- **Try it**
Output the data in full and exactly as presented.

BEGIN

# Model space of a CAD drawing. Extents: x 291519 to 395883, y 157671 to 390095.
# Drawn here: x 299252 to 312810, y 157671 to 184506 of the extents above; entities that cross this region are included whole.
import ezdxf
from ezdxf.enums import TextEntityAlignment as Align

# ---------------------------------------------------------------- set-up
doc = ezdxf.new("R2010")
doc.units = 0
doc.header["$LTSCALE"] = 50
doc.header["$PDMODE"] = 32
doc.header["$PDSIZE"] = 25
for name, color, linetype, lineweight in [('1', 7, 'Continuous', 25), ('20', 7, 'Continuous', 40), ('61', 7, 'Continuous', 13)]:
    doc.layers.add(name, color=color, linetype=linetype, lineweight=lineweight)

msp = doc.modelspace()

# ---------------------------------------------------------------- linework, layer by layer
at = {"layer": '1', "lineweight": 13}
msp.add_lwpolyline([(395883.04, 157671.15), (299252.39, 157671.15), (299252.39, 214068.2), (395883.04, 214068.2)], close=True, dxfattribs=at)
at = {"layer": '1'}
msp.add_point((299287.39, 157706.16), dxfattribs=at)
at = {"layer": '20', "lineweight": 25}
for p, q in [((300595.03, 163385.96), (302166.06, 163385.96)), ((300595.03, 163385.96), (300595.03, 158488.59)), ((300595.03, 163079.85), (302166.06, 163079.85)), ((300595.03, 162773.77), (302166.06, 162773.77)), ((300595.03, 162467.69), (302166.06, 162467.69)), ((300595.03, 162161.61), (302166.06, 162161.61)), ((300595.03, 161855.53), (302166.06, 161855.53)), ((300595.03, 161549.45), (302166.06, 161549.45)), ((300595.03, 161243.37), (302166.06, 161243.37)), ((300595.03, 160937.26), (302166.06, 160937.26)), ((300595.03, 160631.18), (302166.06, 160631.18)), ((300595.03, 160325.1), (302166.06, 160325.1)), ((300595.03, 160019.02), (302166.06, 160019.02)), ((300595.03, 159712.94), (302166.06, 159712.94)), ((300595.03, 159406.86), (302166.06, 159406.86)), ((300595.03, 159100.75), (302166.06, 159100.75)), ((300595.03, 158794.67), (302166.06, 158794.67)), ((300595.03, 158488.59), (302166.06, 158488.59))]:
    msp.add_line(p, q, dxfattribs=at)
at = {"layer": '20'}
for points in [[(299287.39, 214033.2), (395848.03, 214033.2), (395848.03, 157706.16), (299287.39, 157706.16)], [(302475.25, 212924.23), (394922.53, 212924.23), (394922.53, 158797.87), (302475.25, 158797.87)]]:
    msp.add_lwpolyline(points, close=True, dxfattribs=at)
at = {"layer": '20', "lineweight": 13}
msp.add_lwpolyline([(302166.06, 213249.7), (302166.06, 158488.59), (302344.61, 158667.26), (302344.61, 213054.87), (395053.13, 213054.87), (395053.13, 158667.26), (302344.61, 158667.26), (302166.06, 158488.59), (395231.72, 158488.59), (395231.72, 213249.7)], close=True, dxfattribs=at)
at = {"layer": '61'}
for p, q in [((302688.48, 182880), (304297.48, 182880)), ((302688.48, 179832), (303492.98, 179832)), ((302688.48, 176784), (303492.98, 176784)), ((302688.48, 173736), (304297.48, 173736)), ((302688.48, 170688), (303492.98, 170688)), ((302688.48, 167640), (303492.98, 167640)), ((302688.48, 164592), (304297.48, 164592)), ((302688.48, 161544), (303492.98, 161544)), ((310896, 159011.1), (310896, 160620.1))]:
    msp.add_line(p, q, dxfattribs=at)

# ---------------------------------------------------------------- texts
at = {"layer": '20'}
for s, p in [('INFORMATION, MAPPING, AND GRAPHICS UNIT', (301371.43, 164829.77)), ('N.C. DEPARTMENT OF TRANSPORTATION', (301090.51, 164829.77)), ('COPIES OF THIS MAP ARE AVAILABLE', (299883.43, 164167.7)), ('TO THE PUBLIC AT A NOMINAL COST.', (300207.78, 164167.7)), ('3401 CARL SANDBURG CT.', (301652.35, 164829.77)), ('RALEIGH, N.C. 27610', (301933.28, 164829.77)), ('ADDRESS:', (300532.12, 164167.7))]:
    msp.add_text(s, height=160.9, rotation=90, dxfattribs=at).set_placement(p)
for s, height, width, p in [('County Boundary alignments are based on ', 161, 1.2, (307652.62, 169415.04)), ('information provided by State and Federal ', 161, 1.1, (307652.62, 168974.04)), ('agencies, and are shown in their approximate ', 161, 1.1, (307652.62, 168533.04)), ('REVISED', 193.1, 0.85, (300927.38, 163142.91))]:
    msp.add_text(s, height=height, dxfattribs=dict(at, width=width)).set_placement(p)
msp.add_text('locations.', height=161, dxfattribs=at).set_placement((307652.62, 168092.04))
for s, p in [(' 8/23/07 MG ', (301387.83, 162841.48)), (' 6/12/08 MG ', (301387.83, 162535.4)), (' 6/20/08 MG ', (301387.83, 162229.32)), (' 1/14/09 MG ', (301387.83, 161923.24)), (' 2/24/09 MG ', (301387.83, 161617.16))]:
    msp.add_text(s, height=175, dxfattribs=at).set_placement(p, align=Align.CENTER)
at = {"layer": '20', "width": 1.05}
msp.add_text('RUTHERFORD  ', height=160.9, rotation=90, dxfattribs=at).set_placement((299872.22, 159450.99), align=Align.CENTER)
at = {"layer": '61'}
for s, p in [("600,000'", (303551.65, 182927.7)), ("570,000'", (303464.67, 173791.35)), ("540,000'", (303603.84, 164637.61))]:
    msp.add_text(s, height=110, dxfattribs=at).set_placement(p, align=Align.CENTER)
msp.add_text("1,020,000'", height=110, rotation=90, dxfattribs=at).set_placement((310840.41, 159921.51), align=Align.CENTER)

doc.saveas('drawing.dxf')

END

- **Solution for this task**
# Model space of a CAD drawing. Extents: x 291519 to 395883, y 157671 to 390095.
# Drawn here: x 299252 to 312810, y 157671 to 184506 of the extents above; entities that cross this region are included whole.
import ezdxf
from ezdxf.enums import TextEntityAlignment as Align

# ---------------------------------------------------------------- set-up
doc = ezdxf.new("R2010")
doc.units = 0
doc.header["$LTSCALE"] = 50
doc.header["$PDMODE"] = 32
doc.header["$PDSIZE"] = 25
for name, color, linetype, lineweight in [('1', 7, 'Continuous', 25), ('20', 7, 'Continuous', 40), ('61', 7, 'Continuous', 13)]:
    doc.layers.add(name, color=color, linetype=linetype, lineweight=lineweight)

msp = doc.modelspace()

# ---------------------------------------------------------------- linework, layer by layer
at = {"layer": '1', "lineweight": 13}
msp.add_lwpolyline([(395883.04, 157671.15), (299252.39, 157671.15), (299252.39, 214068.2), (395883.04, 214068.2)], close=True, dxfattribs=at)
at = {"layer": '1'}
msp.add_point((299287.39, 157706.16), dxfattribs=at)
at = {"layer": '20', "lineweight": 25}
for p, q in [((300595.03, 163385.96), (302166.06, 163385.96)), ((300595.03, 163385.96), (300595.03, 158488.59)), ((300595.03, 163079.85), (302166.06, 163079.85)), ((300595.03, 162773.77), (302166.06, 162773.77)), ((300595.03, 162467.69), (302166.06, 162467.69)), ((300595.03, 162161.61), (302166.06, 162161.61)), ((300595.03, 161855.53), (302166.06, 161855.53)), ((300595.03, 161549.45), (302166.06, 161549.45)), ((300595.03, 161243.37), (302166.06, 161243.37)), ((300595.03, 160937.26), (302166.06, 160937.26)), ((300595.03, 160631.18), (302166.06, 160631.18)), ((300595.03, 160325.1), (302166.06, 160325.1)), ((300595.03, 160019.02), (302166.06, 160019.02)), ((300595.03, 159712.94), (302166.06, 159712.94)), ((300595.03, 159406.86), (302166.06, 159406.86)), ((300595.03, 159100.75), (302166.06, 159100.75)), ((300595.03, 158794.67), (302166.06, 158794.67)), ((300595.03, 158488.59), (302166.06, 158488.59))]:
    msp.add_line(p, q, dxfattribs=at)
at = {"layer": '20'}
for points in [[(299287.39, 214033.2), (395848.03, 214033.2), (395848.03, 157706.16), (299287.39, 157706.16)], [(302475.25, 212924.23), (394922.53, 212924.23), (394922.53, 158797.87), (302475.25, 158797.87)]]:
    msp.add_lwpolyline(points, close=True, dxfattribs=at)
at = {"layer": '20', "lineweight": 13}
msp.add_lwpolyline([(302166.06, 213249.7), (302166.06, 158488.59), (302344.61, 158667.26), (302344.61, 213054.87), (395053.13, 213054.87), (395053.13, 158667.26), (302344.61, 158667.26), (302166.06, 158488.59), (395231.72, 158488.59), (395231.72, 213249.7)], close=True, dxfattribs=at)
at = {"layer": '61'}
for p, q in [((302688.48, 182880), (304297.48, 182880)), ((302688.48, 179832), (303492.98, 179832)), ((302688.48, 176784), (303492.98, 176784)), ((302688.48, 173736), (304297.48, 173736)), ((302688.48, 170688), (303492.98, 170688)), ((302688.48, 167640), (303492.98, 167640)), ((302688.48, 164592), (304297.48, 164592)), ((302688.48, 161544), (303492.98, 161544)), ((310896, 159011.1), (310896, 160620.1))]:
    msp.add_line(p, q, dxfattribs=at)

# ---------------------------------------------------------------- texts
at = {"layer": '20'}
for s, p in [('INFORMATION, MAPPING, AND GRAPHICS UNIT', (301371.43, 164829.77)), ('N.C. DEPARTMENT OF TRANSPORTATION', (301090.51, 164829.77)), ('COPIES OF THIS MAP ARE AVAILABLE', (299883.43, 164167.7)), ('TO THE PUBLIC AT A NOMINAL COST.', (300207.78, 164167.7)), ('3401 CARL SANDBURG CT.', (301652.35, 164829.77)), ('RALEIGH, N.C. 27610', (301933.28, 164829.77)), ('ADDRESS:', (300532.12, 164167.7))]:
    msp.add_text(s, height=160.9, rotation=90, dxfattribs=at).set_placement(p)
for s, height, width, p in [('County Boundary alignments are based on ', 161, 1.2, (307652.62, 169415.04)), ('information provided by State and Federal ', 161, 1.1, (307652.62, 168974.04)), ('agencies, and are shown in their approximate ', 161, 1.1, (307652.62, 168533.04)), ('REVISED', 193.1, 0.85, (300927.38, 163142.91))]:
    msp.add_text(s, height=height, dxfattribs=dict(at, width=width)).set_placement(p)
msp.add_text('locations.', height=161, dxfattribs=at).set_placement((307652.62, 168092.04))
for s, p in [(' 8/23/07 MG ', (301387.83, 162841.48)), (' 6/12/08 MG ', (301387.83, 162535.4)), (' 6/20/08 MG ', (301387.83, 162229.32)), (' 1/14/09 MG ', (301387.83, 161923.24)), (' 2/24/09 MG ', (301387.83, 161617.16))]:
    msp.add_text(s, height=175, dxfattribs=at).set_placement(p, align=Align.CENTER)
at = {"layer": '20', "width": 1.05}
msp.add_text('RUTHERFORD  ', height=160.9, rotation=90, dxfattribs=at).set_placement((299872.22, 159450.99), align=Align.CENTER)
at = {"layer": '61'}
for s, p in [("600,000'", (303551.65, 182927.7)), ("570,000'", (303464.67, 173791.35)), ("540,000'", (303603.84, 164637.61))]:
    msp.add_text(s, height=110, dxfattribs=at).set_placement(p, align=Align.CENTER)
msp.add_text("1,020,000'", height=110, rotation=90, dxfattribs=at).set_placement((310840.41, 159921.51), align=Align.CENTER)

doc.saveas('drawing.dxf')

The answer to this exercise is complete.